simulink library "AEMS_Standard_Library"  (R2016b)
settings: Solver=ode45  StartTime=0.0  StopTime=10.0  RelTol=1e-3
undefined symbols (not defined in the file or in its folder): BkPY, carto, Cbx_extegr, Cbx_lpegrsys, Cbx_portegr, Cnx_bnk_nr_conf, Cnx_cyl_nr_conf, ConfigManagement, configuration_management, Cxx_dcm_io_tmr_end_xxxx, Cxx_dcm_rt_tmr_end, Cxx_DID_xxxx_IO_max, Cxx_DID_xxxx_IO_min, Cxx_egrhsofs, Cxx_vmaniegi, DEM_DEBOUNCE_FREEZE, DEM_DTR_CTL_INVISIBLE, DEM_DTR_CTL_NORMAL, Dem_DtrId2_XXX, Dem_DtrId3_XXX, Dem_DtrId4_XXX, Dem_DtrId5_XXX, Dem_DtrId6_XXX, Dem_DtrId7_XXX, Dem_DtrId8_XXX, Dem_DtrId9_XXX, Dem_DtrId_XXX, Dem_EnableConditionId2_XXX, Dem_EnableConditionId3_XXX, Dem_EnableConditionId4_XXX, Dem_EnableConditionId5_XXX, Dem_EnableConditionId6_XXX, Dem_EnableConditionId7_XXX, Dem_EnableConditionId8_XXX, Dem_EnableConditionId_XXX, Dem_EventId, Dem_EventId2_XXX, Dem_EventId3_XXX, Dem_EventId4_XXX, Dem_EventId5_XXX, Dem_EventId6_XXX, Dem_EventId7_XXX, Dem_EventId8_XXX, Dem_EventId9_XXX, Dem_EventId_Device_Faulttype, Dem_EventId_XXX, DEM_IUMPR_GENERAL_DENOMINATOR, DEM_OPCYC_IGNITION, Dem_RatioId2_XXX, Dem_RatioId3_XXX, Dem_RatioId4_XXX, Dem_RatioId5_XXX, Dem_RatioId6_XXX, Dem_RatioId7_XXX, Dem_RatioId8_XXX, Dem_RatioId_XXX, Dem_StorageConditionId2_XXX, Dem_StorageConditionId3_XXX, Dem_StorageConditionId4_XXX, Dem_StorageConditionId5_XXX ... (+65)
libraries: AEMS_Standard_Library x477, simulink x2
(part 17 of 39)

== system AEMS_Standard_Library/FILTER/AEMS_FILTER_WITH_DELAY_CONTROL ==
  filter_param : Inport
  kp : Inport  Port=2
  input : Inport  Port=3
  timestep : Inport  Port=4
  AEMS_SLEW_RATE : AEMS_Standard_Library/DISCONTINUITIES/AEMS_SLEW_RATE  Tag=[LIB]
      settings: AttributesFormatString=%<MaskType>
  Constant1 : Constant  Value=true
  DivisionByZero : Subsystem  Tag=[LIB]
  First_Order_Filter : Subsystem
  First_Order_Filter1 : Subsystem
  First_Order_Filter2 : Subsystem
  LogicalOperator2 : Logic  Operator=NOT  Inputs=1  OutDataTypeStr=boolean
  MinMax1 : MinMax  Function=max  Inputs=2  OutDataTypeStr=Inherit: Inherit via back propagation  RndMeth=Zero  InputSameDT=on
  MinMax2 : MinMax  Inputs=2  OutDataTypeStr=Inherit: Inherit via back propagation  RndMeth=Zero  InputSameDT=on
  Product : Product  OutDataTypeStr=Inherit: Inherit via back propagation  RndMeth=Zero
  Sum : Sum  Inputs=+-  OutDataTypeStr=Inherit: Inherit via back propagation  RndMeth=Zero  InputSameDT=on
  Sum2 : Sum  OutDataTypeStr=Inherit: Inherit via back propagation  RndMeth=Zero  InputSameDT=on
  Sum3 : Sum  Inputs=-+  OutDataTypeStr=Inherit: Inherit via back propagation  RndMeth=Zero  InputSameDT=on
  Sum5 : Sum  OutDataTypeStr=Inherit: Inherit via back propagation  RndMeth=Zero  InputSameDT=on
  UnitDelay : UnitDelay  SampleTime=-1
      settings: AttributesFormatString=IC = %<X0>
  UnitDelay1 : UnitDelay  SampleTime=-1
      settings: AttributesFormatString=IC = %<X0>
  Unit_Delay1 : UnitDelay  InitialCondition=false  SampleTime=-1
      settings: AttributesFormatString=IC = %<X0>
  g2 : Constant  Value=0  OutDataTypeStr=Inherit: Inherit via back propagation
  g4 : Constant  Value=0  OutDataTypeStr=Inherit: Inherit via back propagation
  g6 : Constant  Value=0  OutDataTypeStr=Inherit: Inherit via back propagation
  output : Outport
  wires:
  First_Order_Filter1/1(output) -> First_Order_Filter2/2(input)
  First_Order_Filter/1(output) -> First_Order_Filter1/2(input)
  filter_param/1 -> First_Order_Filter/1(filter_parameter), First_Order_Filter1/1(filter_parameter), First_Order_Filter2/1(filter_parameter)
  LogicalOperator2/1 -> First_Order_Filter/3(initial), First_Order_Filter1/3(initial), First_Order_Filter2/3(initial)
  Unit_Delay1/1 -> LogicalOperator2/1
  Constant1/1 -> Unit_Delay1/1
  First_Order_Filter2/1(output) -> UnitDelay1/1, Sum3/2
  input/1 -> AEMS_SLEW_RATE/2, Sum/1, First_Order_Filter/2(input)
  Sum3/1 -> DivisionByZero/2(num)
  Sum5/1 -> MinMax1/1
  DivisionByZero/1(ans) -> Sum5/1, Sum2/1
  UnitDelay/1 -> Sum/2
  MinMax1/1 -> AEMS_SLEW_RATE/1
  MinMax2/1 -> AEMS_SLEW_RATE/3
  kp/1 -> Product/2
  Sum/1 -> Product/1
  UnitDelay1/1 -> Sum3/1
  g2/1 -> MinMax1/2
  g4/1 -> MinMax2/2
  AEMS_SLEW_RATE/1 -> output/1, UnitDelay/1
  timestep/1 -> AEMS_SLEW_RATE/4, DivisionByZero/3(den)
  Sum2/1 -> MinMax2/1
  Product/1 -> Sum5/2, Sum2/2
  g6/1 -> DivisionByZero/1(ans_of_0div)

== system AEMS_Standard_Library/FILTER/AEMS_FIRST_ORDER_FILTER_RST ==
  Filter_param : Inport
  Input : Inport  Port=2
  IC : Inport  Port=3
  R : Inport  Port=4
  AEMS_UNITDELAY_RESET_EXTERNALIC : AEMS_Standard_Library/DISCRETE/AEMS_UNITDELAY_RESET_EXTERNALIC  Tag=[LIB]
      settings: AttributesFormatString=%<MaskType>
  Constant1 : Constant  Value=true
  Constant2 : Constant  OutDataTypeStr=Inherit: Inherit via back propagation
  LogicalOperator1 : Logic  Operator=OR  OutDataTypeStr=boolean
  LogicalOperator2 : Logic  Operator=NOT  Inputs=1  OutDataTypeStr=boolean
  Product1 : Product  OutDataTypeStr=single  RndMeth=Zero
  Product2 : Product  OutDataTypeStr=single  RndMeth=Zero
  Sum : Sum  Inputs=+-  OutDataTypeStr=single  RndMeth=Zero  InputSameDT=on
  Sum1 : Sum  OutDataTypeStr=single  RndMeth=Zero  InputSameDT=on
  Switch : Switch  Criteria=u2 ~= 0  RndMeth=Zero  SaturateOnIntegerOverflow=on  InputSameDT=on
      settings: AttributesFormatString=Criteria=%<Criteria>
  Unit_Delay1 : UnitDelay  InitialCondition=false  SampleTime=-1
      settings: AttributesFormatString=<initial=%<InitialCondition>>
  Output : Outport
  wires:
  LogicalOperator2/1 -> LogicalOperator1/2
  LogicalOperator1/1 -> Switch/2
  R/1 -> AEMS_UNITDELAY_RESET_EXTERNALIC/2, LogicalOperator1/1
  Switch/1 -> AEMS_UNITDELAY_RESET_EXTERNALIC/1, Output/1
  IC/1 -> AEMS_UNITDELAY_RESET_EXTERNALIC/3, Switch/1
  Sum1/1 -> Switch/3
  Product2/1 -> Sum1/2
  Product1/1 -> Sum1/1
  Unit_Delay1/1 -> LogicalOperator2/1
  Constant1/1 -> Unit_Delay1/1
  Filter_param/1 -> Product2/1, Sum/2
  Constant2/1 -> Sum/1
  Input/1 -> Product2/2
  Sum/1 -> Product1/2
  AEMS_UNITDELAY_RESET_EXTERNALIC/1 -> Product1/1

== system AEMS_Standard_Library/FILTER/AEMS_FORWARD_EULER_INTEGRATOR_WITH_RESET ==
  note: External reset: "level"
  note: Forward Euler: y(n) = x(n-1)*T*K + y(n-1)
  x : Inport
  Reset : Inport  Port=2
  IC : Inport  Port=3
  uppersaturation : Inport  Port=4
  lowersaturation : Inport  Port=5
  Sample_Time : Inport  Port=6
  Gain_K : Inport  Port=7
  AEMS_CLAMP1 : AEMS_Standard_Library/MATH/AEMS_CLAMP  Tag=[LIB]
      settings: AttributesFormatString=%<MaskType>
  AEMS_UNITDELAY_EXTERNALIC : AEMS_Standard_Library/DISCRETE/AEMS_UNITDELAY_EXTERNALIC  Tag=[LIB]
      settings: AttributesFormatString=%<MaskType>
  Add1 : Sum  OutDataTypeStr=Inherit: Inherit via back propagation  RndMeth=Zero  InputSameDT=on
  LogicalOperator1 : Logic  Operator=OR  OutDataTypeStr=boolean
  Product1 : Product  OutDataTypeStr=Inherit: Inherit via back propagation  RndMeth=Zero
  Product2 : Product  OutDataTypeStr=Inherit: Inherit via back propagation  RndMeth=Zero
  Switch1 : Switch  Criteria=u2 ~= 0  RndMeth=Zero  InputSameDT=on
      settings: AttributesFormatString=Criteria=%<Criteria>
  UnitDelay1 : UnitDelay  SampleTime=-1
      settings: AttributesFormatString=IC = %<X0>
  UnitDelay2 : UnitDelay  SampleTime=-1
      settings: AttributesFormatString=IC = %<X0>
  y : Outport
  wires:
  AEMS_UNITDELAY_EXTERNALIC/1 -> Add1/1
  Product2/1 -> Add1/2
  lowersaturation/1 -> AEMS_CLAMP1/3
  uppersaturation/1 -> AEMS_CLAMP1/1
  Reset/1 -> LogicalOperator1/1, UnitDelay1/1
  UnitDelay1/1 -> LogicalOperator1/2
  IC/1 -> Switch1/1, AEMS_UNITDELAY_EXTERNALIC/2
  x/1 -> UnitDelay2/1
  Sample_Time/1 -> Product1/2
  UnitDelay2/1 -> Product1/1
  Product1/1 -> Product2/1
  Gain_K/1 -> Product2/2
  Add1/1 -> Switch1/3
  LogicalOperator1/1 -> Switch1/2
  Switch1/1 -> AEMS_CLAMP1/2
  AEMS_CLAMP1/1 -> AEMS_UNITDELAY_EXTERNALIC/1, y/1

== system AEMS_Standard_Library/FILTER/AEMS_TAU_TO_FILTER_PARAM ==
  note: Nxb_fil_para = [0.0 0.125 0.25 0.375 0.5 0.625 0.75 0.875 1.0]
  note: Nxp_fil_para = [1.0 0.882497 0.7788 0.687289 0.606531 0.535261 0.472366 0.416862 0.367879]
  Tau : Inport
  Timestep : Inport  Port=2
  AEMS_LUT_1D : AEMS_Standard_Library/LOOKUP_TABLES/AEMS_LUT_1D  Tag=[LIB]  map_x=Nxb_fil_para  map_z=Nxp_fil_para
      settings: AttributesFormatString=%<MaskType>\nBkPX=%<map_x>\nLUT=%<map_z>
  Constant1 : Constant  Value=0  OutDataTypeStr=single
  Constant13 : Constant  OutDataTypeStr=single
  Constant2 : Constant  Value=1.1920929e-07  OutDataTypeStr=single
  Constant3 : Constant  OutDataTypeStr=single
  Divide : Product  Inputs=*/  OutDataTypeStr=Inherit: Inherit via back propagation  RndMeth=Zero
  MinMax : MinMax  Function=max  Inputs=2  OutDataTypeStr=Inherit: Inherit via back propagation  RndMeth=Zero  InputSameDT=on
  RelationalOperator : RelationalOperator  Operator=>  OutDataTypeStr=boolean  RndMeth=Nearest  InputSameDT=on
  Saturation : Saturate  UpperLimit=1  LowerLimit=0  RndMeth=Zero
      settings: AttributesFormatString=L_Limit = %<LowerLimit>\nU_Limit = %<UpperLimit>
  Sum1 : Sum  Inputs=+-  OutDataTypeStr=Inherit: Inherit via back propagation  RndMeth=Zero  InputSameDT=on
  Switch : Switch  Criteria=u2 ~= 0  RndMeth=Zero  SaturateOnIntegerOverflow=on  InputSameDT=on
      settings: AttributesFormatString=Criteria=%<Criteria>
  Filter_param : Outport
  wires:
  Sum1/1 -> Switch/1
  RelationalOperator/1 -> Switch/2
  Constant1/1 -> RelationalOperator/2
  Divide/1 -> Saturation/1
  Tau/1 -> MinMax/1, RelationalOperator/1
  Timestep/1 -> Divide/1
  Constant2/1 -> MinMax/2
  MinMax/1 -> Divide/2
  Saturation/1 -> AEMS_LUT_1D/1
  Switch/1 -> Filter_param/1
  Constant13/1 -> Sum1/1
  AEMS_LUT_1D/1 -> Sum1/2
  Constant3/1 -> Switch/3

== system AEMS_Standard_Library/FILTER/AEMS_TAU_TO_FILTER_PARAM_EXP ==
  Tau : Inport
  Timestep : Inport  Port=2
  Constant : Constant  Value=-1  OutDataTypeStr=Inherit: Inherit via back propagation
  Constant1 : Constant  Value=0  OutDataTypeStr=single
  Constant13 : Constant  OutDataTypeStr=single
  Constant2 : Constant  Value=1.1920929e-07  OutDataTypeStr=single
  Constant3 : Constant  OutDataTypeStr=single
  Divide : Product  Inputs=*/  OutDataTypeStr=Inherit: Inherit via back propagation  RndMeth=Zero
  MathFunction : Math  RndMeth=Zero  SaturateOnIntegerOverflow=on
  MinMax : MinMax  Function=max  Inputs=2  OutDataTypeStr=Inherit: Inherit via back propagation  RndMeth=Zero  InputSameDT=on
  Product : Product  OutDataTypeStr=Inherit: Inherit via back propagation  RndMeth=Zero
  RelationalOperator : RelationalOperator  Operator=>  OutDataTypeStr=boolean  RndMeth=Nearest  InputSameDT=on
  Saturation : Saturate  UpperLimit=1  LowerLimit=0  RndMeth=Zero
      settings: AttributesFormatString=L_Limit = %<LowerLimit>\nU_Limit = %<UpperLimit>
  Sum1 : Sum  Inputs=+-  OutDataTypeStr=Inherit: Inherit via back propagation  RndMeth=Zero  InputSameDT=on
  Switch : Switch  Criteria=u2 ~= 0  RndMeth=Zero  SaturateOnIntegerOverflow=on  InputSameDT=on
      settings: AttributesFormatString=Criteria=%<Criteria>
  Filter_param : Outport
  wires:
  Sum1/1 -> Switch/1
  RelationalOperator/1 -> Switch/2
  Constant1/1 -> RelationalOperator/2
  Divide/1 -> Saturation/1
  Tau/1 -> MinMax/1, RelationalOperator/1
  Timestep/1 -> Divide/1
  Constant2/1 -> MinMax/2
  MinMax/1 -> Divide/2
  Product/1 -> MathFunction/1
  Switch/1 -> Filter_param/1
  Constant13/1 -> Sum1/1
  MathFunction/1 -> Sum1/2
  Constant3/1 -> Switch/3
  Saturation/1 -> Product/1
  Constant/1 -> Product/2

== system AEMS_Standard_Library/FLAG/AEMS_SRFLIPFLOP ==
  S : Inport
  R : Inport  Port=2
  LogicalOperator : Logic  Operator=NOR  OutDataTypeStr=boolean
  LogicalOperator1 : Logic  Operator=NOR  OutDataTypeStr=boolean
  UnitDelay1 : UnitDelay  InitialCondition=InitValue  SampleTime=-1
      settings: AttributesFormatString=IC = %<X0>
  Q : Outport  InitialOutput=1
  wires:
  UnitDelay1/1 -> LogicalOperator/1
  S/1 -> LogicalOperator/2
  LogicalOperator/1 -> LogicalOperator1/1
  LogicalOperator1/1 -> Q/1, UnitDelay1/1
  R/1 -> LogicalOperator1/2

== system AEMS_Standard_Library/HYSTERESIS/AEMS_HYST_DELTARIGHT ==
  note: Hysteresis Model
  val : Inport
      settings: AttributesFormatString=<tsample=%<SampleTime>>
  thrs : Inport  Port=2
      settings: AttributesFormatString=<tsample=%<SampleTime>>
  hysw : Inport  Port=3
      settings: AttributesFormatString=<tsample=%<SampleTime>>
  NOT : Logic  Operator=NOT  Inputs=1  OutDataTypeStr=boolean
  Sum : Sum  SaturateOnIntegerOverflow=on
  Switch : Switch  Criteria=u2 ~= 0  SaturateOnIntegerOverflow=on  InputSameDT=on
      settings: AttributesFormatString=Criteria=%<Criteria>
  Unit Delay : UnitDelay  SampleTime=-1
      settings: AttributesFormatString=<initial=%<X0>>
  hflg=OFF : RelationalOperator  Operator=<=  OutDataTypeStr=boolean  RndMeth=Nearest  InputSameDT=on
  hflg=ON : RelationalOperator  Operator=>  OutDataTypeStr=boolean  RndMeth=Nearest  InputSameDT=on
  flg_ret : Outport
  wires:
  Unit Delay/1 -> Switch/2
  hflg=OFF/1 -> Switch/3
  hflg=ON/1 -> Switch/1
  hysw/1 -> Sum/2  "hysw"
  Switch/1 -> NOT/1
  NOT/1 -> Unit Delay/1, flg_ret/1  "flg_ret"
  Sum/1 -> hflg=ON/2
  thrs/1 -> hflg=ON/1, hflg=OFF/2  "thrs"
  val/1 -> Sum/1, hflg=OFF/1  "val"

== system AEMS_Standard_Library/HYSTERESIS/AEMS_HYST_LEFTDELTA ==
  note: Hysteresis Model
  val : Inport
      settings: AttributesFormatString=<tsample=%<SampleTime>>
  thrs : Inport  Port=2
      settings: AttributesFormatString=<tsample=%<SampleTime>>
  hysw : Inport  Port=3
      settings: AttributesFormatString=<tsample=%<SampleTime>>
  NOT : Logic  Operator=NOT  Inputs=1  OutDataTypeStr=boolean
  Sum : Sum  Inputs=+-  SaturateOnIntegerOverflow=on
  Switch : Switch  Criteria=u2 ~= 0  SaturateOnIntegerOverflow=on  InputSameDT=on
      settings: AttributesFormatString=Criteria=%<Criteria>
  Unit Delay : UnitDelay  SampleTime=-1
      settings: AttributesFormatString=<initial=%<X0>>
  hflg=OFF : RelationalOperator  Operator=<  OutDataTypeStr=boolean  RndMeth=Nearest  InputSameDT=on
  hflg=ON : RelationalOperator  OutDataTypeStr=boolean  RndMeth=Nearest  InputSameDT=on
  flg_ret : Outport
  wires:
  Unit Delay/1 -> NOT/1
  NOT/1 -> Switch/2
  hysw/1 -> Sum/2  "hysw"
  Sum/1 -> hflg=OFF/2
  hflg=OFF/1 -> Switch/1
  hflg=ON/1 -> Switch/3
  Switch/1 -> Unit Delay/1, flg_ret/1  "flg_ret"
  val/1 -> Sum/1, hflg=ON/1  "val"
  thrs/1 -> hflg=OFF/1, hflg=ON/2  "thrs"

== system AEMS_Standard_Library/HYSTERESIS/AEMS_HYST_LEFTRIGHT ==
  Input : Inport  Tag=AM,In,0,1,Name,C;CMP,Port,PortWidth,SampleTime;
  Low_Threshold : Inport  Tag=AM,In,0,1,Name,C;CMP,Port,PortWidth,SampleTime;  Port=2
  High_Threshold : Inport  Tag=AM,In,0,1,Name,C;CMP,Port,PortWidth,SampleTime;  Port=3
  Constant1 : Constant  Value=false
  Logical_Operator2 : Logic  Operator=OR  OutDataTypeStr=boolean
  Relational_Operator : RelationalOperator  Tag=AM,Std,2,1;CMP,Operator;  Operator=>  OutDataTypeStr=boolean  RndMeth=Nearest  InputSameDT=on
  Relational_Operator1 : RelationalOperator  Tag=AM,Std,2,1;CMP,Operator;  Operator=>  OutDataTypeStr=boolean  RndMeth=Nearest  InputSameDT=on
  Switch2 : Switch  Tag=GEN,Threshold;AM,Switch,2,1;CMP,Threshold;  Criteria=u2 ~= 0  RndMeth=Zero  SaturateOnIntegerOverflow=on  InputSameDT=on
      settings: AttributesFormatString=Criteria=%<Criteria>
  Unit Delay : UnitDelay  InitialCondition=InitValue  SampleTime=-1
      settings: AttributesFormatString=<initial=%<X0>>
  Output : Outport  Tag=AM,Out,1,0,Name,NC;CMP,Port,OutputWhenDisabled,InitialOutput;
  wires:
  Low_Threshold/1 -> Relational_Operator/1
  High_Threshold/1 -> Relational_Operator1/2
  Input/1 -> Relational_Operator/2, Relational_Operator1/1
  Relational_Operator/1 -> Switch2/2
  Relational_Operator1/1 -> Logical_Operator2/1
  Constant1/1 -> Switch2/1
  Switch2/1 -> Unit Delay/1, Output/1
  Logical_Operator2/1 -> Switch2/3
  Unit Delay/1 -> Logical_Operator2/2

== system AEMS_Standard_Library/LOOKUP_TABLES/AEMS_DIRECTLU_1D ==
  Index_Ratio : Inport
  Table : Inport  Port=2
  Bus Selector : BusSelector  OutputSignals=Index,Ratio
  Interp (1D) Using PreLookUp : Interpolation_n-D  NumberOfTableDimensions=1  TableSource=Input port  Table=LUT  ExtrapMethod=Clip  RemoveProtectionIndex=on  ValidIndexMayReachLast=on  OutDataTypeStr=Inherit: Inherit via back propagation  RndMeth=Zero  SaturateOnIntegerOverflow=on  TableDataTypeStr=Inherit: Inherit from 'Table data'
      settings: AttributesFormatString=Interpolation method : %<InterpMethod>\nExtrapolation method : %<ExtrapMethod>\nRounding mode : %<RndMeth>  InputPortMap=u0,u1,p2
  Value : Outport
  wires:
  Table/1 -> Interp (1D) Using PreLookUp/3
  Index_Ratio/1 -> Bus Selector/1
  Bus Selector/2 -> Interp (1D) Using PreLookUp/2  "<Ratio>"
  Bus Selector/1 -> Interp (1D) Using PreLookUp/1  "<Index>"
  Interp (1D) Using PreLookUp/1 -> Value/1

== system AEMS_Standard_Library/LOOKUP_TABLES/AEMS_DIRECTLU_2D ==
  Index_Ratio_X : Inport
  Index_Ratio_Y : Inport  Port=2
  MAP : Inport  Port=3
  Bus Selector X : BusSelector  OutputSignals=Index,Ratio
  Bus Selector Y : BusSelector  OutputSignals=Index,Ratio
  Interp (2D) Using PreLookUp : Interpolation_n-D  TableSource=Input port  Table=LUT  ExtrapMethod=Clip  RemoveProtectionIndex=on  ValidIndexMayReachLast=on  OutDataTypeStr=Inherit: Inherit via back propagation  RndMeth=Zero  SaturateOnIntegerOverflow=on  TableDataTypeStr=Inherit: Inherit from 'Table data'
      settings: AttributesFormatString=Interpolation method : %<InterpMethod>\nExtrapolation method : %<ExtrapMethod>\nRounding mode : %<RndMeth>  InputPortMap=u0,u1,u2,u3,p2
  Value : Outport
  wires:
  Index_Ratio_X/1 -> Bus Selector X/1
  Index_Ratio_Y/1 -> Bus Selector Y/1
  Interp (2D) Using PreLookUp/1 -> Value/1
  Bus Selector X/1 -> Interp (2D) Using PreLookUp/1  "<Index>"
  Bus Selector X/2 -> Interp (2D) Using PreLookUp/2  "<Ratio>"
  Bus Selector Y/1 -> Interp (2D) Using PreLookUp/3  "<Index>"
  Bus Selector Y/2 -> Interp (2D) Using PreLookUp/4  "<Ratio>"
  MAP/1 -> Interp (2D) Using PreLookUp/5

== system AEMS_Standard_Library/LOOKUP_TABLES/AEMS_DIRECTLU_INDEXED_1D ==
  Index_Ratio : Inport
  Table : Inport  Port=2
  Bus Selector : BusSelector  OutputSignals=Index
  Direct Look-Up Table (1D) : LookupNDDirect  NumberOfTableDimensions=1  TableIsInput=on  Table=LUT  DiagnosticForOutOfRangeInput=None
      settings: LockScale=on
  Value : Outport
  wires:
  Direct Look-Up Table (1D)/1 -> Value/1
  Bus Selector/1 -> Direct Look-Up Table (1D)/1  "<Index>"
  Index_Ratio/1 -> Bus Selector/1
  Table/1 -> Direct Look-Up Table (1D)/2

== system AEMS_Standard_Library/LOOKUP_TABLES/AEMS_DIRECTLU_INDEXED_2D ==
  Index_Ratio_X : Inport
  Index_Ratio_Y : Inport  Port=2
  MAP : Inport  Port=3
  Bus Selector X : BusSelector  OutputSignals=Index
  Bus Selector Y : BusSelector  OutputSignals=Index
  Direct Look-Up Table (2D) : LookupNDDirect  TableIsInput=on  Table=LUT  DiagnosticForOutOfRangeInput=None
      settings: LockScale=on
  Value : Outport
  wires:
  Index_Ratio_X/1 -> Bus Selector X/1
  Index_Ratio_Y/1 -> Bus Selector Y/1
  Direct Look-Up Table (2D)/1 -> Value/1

=-=-=

-- Exercise directions --
Give back precisely the lines above that start at the line containing "First_Order_Filter : Subsystem" and end at the line containing "First_Order_Filter1/1(output) -> First_Order_Filter2/2(input)", inclusive. No other lines belong in the output.

-- Result below --
  First_Order_Filter : Subsystem
  First_Order_Filter1 : Subsystem
  First_Order_Filter2 : Subsystem
  LogicalOperator2 : Logic  Operator=NOT  Inputs=1  OutDataTypeStr=boolean
  MinMax1 : MinMax  Function=max  Inputs=2  OutDataTypeStr=Inherit: Inherit via back propagation  RndMeth=Zero  InputSameDT=on
  MinMax2 : MinMax  Inputs=2  OutDataTypeStr=Inherit: Inherit via back propagation  RndMeth=Zero  InputSameDT=on
  Product : Product  OutDataTypeStr=Inherit: Inherit via back propagation  RndMeth=Zero
  Sum : Sum  Inputs=+-  OutDataTypeStr=Inherit: Inherit via back propagation  RndMeth=Zero  InputSameDT=on
  Sum2 : Sum  OutDataTypeStr=Inherit: Inherit via back propagation  RndMeth=Zero  InputSameDT=on
  Sum3 : Sum  Inputs=-+  OutDataTypeStr=Inherit: Inherit via back propagation  RndMeth=Zero  InputSameDT=on
  Sum5 : Sum  OutDataTypeStr=Inherit: Inherit via back propagation  RndMeth=Zero  InputSameDT=on
  UnitDelay : UnitDelay  SampleTime=-1
      settings: AttributesFormatString=IC = %<X0>
  UnitDelay1 : UnitDelay  SampleTime=-1
      settings: AttributesFormatString=IC = %<X0>
  Unit_Delay1 : UnitDelay  InitialCondition=false  SampleTime=-1
      settings: AttributesFormatString=IC = %<X0>
  g2 : Constant  Value=0  OutDataTypeStr=Inherit: Inherit via back propagation
  g4 : Constant  Value=0  OutDataTypeStr=Inherit: Inherit via back propagation
  g6 : Constant  Value=0  OutDataTypeStr=Inherit: Inherit via back propagation
  output : Outport
  wires:
  First_Order_Filter1/1(output) -> First_Order_Filter2/2(input)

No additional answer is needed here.